À la mémoire des enfants maltraités

Une chronique de Christophe Rodriguez

Nous attendions un roman et quelle révélation !

Bien connu pour ses livres jeunesse, l’auteur français Jean-Christophe Tixier exhibe une partie de la mémoire française, qu’il aurait mieux fallu oublier, soit celle des maisons de corrections et bagnes pour enfants. Ayant eu accès à certaines archives et plus particulièrement celle du bagne pour enfants de Vailhauquès dans l’Hérault, il brode en 336 pages, un roman étouffant aux aspects historiques incontestables. Renouant avec la fibre de Marcel Pagnol, Victor Hugo, Albert Londres qui décrivit en son époque, les sévices du bagne de Cayenne. Nous pensons aussi au quotidien satirique : L’assiette au beurre, ancêtre du Canard enchainé qui lança une vaste campagne contre les bagnes pour enfants, et fit plier le gouvernement. 

Mais quelle liberté ?

En 1884, les portes du bagne s’ouvrent. Dans un coin de terre reculée où la méfiance est de mise ainsi que toutes les croyances en dieu et au diable, les enfants qui n’ont connu que les privations, les coups de fouet et les abus de toutes sortes sont libérés. Sous le regard des paysans qui furent à bien des égards, de malfaisants employeurs, cette main-d’œuvre  bon marché qui «  quitte le nid  » n’est pas au gout de tout le monde, l’église en premier.

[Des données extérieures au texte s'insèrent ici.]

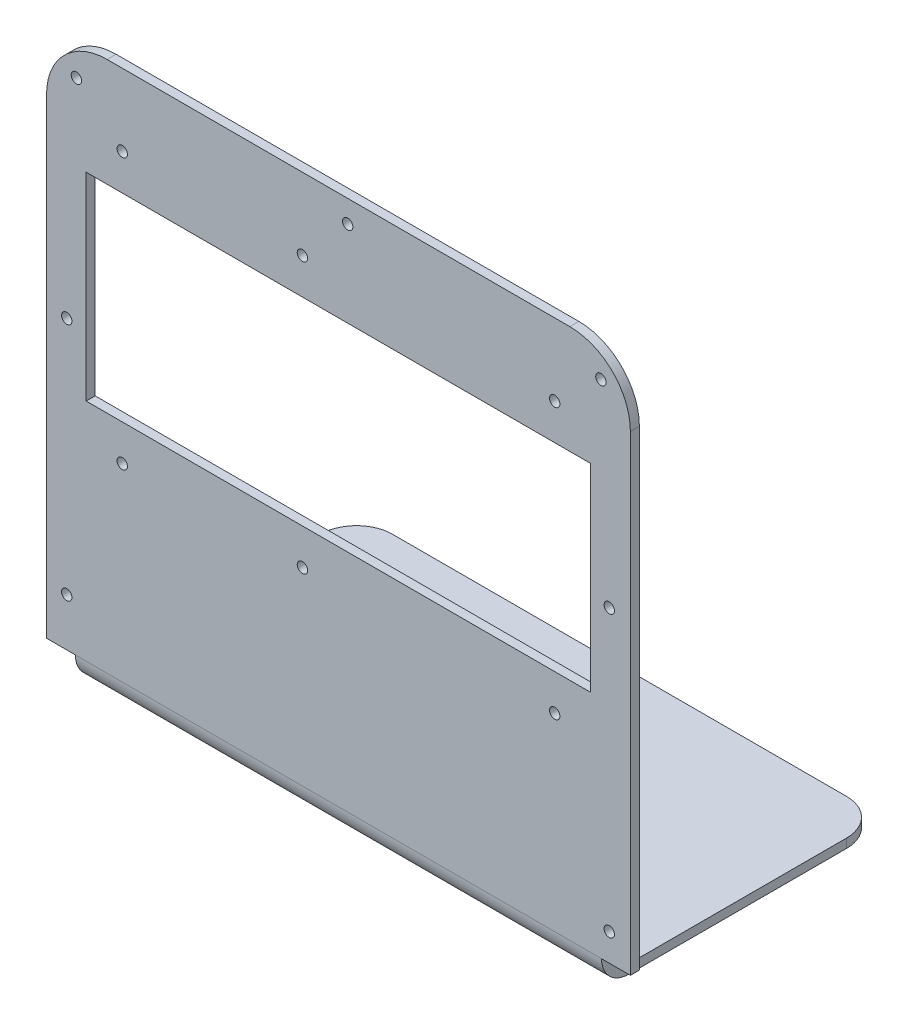
ISO-10303-21;
HEADER;
FILE_DESCRIPTION(('STEP AP214'),'2;1');
FILE_NAME('part.step','',(''),(''),'','','');
FILE_SCHEMA(('AUTOMOTIVE_DESIGN { 1 0 10303 214 1 1 1 1 }'));
ENDSEC;
DATA;
#1=APPLICATION_CONTEXT('core data for automotive mechanical design processes');
#2=APPLICATION_PROTOCOL_DEFINITION('international standard','automotive_design',2000,#1);
#3=PRODUCT_CONTEXT('',#1,'mechanical');
#4=PRODUCT('Part','Part','',(#3));
#5=PRODUCT_RELATED_PRODUCT_CATEGORY('part','',(#4));
#6=PRODUCT_DEFINITION_FORMATION('','',#4);
#7=PRODUCT_DEFINITION_CONTEXT('part definition',#1,'design');
#8=PRODUCT_DEFINITION('design','',#6,#7);
#9=PRODUCT_DEFINITION_SHAPE('','',#8);
#10=(LENGTH_UNIT() NAMED_UNIT(*) SI_UNIT(.MILLI.,.METRE.));
#11=(NAMED_UNIT(*) PLANE_ANGLE_UNIT() SI_UNIT($,.RADIAN.));
#12=(NAMED_UNIT(*) SI_UNIT($,.STERADIAN.) SOLID_ANGLE_UNIT());
#13=UNCERTAINTY_MEASURE_WITH_UNIT(LENGTH_MEASURE(1.E-05),#10,'distance_accuracy_value','');
#14=(GEOMETRIC_REPRESENTATION_CONTEXT(3) GLOBAL_UNCERTAINTY_ASSIGNED_CONTEXT((#13)) GLOBAL_UNIT_ASSIGNED_CONTEXT((#10,
#11,#12)) REPRESENTATION_CONTEXT('',''));
#15=CARTESIAN_POINT('',(0.,0.,0.));
#16=DIRECTION('',(0.,0.,1.));
#17=DIRECTION('',(1.,0.,0.));
#18=AXIS2_PLACEMENT_3D('',#15,#16,#17);
#19=CARTESIAN_POINT('',(-92.71,0.,0.));
#20=DIRECTION('',(1.,0.,0.));
#21=DIRECTION('',(0.,0.,1.));
#22=AXIS2_PLACEMENT_3D('',#19,#20,#21);
#23=PLANE('',#22);
#24=DIRECTION('',(0.,0.,-1.));
#25=VECTOR('',#24,1.);
#26=CARTESIAN_POINT('',(-92.71,-22.225,25.4));
#27=LINE('',#26,#25);
#28=CARTESIAN_POINT('',(-92.71,-22.225,15.875));
#29=VERTEX_POINT('',#28);
#30=CARTESIAN_POINT('',(-92.71,-22.225,-60.96));
#31=VERTEX_POINT('',#30);
#32=EDGE_CURVE('E220',#29,#31,#27,.T.);
#33=ORIENTED_EDGE('',*,*,#32,.T.);
#34=DIRECTION('',(0.,1.,0.));
#35=VECTOR('',#34,1.);
#36=CARTESIAN_POINT('',(-92.71,-25.4,-60.96));
#37=LINE('',#36,#35);
#38=CARTESIAN_POINT('',(-92.71,-25.4,-60.96));
#39=VERTEX_POINT('',#38);
#40=EDGE_CURVE('E309',#31,#39,#37,.F.);
#41=ORIENTED_EDGE('',*,*,#40,.T.);
#42=DIRECTION('',(0.,0.,-1.));
#43=VECTOR('',#42,1.);
#44=CARTESIAN_POINT('',(-92.71,-25.4,25.4));
#45=LINE('',#44,#43);
#46=CARTESIAN_POINT('',(-92.71,-25.4,15.875));
#47=VERTEX_POINT('',#46);
#48=EDGE_CURVE('E208',#47,#39,#45,.T.);
#49=ORIENTED_EDGE('',*,*,#48,.F.);
#50=DIRECTION('',(0.,1.,0.));
#51=VECTOR('',#50,1.);
#52=CARTESIAN_POINT('',(-92.71,-25.4,15.875));
#53=LINE('',#52,#51);
#54=EDGE_CURVE('E280',#47,#29,#53,.T.);
#55=ORIENTED_EDGE('',*,*,#54,.T.);
#56=EDGE_LOOP('',(#33,#41,#49,#55));
#57=FACE_BOUND('',#56,.T.);
#58=ADVANCED_FACE('F45',(#57),#23,.F.);
#59=CARTESIAN_POINT('',(92.71,0.,0.));
#60=DIRECTION('',(-1.,0.,0.));
#61=DIRECTION('',(0.,0.,1.));
#62=AXIS2_PLACEMENT_3D('',#59,#60,#61);
#63=PLANE('',#62);
#64=DIRECTION('',(0.,0.,-1.));
#65=VECTOR('',#64,1.);
#66=CARTESIAN_POINT('',(92.71,-25.4,25.4));
#67=LINE('',#66,#65);
#68=CARTESIAN_POINT('',(92.71,-25.4,15.875));
#69=VERTEX_POINT('',#68);
#70=CARTESIAN_POINT('',(92.71,-25.4,-60.96));
#71=VERTEX_POINT('',#70);
#72=EDGE_CURVE('E226',#69,#71,#67,.T.);
#73=ORIENTED_EDGE('',*,*,#72,.T.);
#74=DIRECTION('',(0.,1.,0.));
#75=VECTOR('',#74,1.);
#76=CARTESIAN_POINT('',(92.71,-22.225,-60.96));
#77=LINE('',#76,#75);
#78=CARTESIAN_POINT('',(92.71,-22.225,-60.96));
#79=VERTEX_POINT('',#78);
#80=EDGE_CURVE('E12',#71,#79,#77,.T.);
#81=ORIENTED_EDGE('',*,*,#80,.T.);
#82=DIRECTION('',(0.,0.,1.));
#83=VECTOR('',#82,1.);
#84=CARTESIAN_POINT('',(92.71,-22.225,25.4));
#85=LINE('',#84,#83);
#86=CARTESIAN_POINT('',(92.71,-22.225,15.875));
#87=VERTEX_POINT('',#86);
#88=EDGE_CURVE('E231',#79,#87,#85,.T.);
#89=ORIENTED_EDGE('',*,*,#88,.T.);
#90=DIRECTION('',(0.,-1.,0.));
#91=VECTOR('',#90,1.);
#92=CARTESIAN_POINT('',(92.71,-22.225,15.875));
#93=LINE('',#92,#91);
#94=EDGE_CURVE('E275',#87,#69,#93,.T.);
#95=ORIENTED_EDGE('',*,*,#94,.T.);
#96=EDGE_LOOP('',(#73,#81,#89,#95));
#97=FACE_BOUND('',#96,.T.);
#98=ADVANCED_FACE('F387',(#97),#63,.F.);
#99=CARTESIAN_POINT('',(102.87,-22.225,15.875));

Quatorze ans plus tard, cette terre toujours aussi aride est l’objet de manifestations étranges. Des meules de foin prennent feu, un troupeau de chèvres est décimé, sans oublier la maladie qui commence à faire des ravages. Sans jamais douter de leurs actions passées, ces paysans accusent le mauvais sort, ou l’âme des enfants qui vient demander son dû. Parce que «les petiots», incarcérés pour de faibles offenses, comme vous pourrez le constater en tête de chapitre, n’ont pas vécu très longtemps.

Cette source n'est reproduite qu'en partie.